## Work item
Beginning with the line below that contains "Bus Selector7 : BusSelector" and ending with the line that contains "CBI_L32_C1 : cdsCDI64/Subsystem", copy every line exactly. Copy nothing else.

* * * * * * * * *

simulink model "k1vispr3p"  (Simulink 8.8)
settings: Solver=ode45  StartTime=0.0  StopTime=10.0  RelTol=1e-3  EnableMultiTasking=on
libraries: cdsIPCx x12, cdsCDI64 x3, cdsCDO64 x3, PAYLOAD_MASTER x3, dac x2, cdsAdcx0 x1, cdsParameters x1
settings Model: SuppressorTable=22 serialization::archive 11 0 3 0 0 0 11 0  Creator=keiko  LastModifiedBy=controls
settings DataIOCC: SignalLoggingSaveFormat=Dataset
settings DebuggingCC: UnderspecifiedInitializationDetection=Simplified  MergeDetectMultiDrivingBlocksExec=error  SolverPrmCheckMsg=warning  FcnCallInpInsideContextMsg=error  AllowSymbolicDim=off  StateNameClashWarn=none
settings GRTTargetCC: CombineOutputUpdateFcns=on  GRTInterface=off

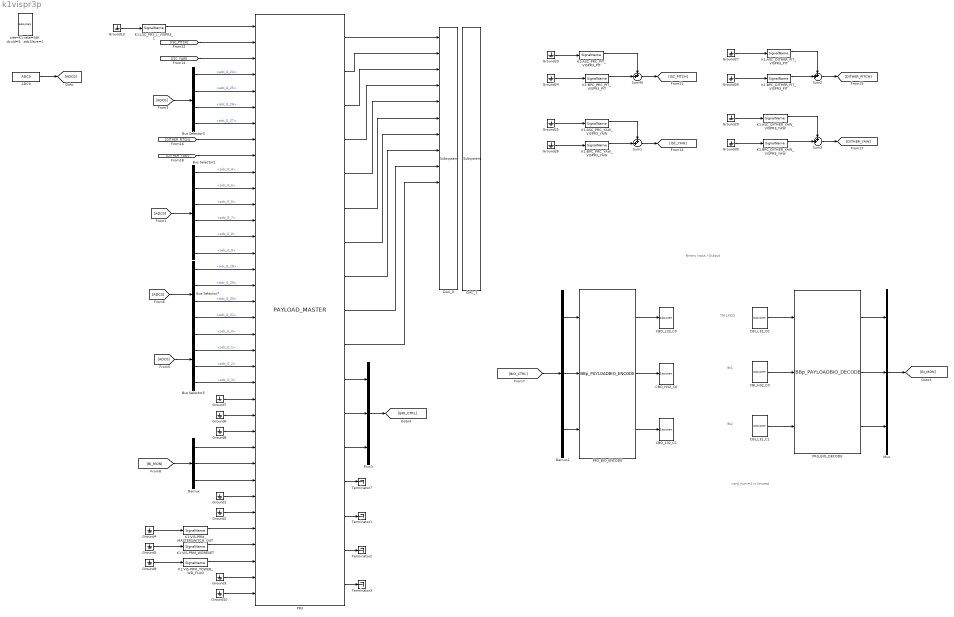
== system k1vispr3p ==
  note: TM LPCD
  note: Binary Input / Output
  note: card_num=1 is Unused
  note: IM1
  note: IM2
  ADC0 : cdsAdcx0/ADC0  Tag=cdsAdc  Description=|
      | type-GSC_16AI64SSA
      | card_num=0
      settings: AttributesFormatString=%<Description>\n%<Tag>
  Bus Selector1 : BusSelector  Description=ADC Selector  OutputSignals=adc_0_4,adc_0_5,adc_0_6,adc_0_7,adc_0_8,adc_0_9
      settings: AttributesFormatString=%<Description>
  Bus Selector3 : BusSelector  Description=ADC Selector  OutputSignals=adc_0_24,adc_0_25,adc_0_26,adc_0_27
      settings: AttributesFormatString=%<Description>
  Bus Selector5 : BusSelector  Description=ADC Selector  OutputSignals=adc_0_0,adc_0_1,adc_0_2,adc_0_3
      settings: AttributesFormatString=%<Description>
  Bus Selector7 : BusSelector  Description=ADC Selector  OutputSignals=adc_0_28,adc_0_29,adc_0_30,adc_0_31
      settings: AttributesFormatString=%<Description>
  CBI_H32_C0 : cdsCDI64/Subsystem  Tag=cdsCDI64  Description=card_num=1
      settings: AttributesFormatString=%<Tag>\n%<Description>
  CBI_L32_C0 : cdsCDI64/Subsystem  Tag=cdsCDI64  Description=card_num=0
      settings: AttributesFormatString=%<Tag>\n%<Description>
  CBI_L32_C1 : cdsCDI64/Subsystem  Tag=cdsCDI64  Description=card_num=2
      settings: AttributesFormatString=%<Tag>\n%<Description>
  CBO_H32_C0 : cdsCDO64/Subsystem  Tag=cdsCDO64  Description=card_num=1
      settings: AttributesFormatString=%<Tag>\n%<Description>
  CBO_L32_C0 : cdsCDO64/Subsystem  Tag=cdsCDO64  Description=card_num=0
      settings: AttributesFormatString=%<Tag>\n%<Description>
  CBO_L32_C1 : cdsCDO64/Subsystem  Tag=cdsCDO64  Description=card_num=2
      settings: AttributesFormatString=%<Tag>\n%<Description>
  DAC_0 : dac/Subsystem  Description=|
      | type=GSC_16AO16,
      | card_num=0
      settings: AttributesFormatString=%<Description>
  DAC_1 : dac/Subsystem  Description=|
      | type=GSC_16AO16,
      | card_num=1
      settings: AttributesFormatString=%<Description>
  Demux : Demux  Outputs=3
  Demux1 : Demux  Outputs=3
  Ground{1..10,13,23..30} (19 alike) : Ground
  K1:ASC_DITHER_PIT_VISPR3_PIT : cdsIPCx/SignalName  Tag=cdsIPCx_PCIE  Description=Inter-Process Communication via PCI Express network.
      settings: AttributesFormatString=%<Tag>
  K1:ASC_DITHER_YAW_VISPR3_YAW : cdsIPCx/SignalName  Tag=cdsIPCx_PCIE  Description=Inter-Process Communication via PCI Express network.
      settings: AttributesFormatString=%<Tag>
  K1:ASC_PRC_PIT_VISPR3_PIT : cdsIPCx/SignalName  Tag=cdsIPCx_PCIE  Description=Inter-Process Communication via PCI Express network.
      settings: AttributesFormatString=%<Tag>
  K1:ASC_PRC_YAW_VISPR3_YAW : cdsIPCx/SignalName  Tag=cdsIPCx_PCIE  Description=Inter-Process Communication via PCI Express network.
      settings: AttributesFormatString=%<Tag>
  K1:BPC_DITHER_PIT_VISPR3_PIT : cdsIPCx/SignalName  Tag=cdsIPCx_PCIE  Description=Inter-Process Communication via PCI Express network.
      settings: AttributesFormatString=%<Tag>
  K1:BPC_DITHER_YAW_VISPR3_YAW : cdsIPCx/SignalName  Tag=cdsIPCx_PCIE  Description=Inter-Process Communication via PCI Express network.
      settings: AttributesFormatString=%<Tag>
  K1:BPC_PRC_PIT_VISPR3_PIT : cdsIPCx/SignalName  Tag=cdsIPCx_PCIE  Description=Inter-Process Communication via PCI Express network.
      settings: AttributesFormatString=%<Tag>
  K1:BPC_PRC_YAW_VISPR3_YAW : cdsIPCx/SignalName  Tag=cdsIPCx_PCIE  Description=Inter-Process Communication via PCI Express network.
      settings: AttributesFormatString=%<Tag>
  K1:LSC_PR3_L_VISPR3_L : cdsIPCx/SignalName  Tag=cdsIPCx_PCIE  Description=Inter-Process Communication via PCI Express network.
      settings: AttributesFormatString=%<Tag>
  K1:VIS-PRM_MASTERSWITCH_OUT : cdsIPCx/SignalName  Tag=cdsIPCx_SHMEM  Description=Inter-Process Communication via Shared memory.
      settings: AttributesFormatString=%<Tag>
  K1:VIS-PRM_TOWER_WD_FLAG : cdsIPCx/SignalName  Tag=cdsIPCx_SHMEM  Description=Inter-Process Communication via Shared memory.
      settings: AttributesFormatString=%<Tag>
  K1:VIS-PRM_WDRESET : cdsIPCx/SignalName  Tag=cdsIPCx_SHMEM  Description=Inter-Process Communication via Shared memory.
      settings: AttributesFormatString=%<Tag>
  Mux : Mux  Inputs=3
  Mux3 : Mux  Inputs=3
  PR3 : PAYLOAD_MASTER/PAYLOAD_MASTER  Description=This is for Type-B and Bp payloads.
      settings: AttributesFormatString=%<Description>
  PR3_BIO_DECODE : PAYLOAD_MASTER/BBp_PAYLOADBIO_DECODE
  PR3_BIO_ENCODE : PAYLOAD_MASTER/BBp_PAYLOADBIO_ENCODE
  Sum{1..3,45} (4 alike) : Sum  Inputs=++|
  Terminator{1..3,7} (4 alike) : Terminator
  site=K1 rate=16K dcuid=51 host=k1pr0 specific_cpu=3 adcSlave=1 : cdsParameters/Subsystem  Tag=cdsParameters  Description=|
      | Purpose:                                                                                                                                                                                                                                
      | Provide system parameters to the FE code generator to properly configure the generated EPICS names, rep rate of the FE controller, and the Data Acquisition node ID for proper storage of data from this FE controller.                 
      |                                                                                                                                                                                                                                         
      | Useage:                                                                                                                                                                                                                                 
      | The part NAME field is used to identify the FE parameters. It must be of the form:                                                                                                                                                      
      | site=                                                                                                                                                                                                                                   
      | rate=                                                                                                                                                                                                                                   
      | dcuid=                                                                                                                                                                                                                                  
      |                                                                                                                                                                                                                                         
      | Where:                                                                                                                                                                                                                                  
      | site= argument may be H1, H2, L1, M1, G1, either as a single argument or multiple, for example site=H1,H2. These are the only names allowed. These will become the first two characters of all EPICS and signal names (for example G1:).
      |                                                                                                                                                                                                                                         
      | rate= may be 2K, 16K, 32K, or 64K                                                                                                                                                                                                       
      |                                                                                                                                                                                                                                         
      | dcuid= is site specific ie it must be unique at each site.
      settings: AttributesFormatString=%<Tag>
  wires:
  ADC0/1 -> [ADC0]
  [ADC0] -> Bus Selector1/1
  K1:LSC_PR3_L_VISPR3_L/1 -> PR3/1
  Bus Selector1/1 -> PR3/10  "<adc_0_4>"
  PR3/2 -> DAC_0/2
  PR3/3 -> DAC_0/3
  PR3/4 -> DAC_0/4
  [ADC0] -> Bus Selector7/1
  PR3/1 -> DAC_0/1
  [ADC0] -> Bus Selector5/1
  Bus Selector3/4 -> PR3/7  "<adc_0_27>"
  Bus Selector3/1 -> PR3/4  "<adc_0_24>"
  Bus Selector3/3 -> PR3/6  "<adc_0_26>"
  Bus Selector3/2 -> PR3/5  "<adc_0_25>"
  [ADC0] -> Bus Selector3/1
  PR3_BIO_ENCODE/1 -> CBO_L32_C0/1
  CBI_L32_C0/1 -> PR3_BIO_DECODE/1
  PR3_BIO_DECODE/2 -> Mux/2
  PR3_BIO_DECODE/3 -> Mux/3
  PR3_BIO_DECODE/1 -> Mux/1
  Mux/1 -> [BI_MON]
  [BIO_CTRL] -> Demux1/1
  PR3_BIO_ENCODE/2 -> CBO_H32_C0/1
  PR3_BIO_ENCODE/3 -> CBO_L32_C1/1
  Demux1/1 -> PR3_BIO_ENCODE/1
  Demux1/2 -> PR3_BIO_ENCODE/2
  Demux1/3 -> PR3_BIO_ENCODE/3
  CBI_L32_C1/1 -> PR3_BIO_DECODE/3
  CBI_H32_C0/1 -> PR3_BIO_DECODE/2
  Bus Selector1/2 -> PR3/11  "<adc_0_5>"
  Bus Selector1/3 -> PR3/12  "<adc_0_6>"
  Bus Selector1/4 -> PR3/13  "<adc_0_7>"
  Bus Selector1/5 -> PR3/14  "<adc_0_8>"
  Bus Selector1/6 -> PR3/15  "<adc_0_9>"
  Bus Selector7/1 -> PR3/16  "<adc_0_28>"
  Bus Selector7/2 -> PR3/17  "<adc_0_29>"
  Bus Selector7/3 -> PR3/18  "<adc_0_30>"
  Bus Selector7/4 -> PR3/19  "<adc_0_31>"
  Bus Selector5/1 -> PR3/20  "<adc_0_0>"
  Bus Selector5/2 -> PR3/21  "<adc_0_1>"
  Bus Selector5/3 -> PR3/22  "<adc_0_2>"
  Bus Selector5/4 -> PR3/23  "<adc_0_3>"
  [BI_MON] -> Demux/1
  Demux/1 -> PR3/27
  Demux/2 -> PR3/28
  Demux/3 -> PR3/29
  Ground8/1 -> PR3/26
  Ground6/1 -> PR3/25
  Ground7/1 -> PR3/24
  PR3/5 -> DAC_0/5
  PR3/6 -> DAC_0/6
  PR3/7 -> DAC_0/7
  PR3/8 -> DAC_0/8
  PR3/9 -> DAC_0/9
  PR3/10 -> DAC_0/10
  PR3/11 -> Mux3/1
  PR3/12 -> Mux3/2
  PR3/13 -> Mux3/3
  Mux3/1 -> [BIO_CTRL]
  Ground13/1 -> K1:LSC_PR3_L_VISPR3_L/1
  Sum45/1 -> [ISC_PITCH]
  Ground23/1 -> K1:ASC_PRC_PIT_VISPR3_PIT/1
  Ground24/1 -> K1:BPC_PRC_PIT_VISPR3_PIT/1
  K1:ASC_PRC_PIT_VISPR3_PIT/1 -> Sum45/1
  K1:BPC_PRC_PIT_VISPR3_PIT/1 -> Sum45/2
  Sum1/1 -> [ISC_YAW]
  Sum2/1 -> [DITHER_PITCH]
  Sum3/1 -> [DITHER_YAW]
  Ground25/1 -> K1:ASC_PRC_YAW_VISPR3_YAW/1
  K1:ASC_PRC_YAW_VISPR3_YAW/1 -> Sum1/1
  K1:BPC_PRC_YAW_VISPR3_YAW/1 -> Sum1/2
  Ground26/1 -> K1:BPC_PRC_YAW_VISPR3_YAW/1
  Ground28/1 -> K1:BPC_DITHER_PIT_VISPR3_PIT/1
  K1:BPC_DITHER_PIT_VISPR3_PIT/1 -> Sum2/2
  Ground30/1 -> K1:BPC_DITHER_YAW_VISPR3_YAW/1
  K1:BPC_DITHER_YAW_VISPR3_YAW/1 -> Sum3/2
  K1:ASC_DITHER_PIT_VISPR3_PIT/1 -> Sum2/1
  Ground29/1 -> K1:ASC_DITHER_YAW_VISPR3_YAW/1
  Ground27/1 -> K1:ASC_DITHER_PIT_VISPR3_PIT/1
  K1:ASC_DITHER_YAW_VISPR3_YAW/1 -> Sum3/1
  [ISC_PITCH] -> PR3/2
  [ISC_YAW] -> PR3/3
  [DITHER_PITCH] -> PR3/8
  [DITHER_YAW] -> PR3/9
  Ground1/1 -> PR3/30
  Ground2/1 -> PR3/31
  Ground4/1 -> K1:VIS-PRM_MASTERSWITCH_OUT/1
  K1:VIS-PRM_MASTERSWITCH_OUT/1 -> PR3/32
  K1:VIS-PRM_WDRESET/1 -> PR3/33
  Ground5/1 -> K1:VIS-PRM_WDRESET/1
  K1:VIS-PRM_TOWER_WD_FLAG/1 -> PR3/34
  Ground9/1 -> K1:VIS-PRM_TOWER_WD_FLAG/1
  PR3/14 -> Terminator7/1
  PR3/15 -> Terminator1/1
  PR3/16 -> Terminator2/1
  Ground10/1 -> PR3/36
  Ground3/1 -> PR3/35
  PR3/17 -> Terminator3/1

* * * * * * * * *

## The completed task
  Bus Selector7 : BusSelector  Description=ADC Selector  OutputSignals=adc_0_28,adc_0_29,adc_0_30,adc_0_31
      settings: AttributesFormatString=%<Description>
  CBI_H32_C0 : cdsCDI64/Subsystem  Tag=cdsCDI64  Description=card_num=1
      settings: AttributesFormatString=%<Tag>\n%<Description>
  CBI_L32_C0 : cdsCDI64/Subsystem  Tag=cdsCDI64  Description=card_num=0
      settings: AttributesFormatString=%<Tag>\n%<Description>
  CBI_L32_C1 : cdsCDI64/Subsystem  Tag=cdsCDI64  Description=card_num=2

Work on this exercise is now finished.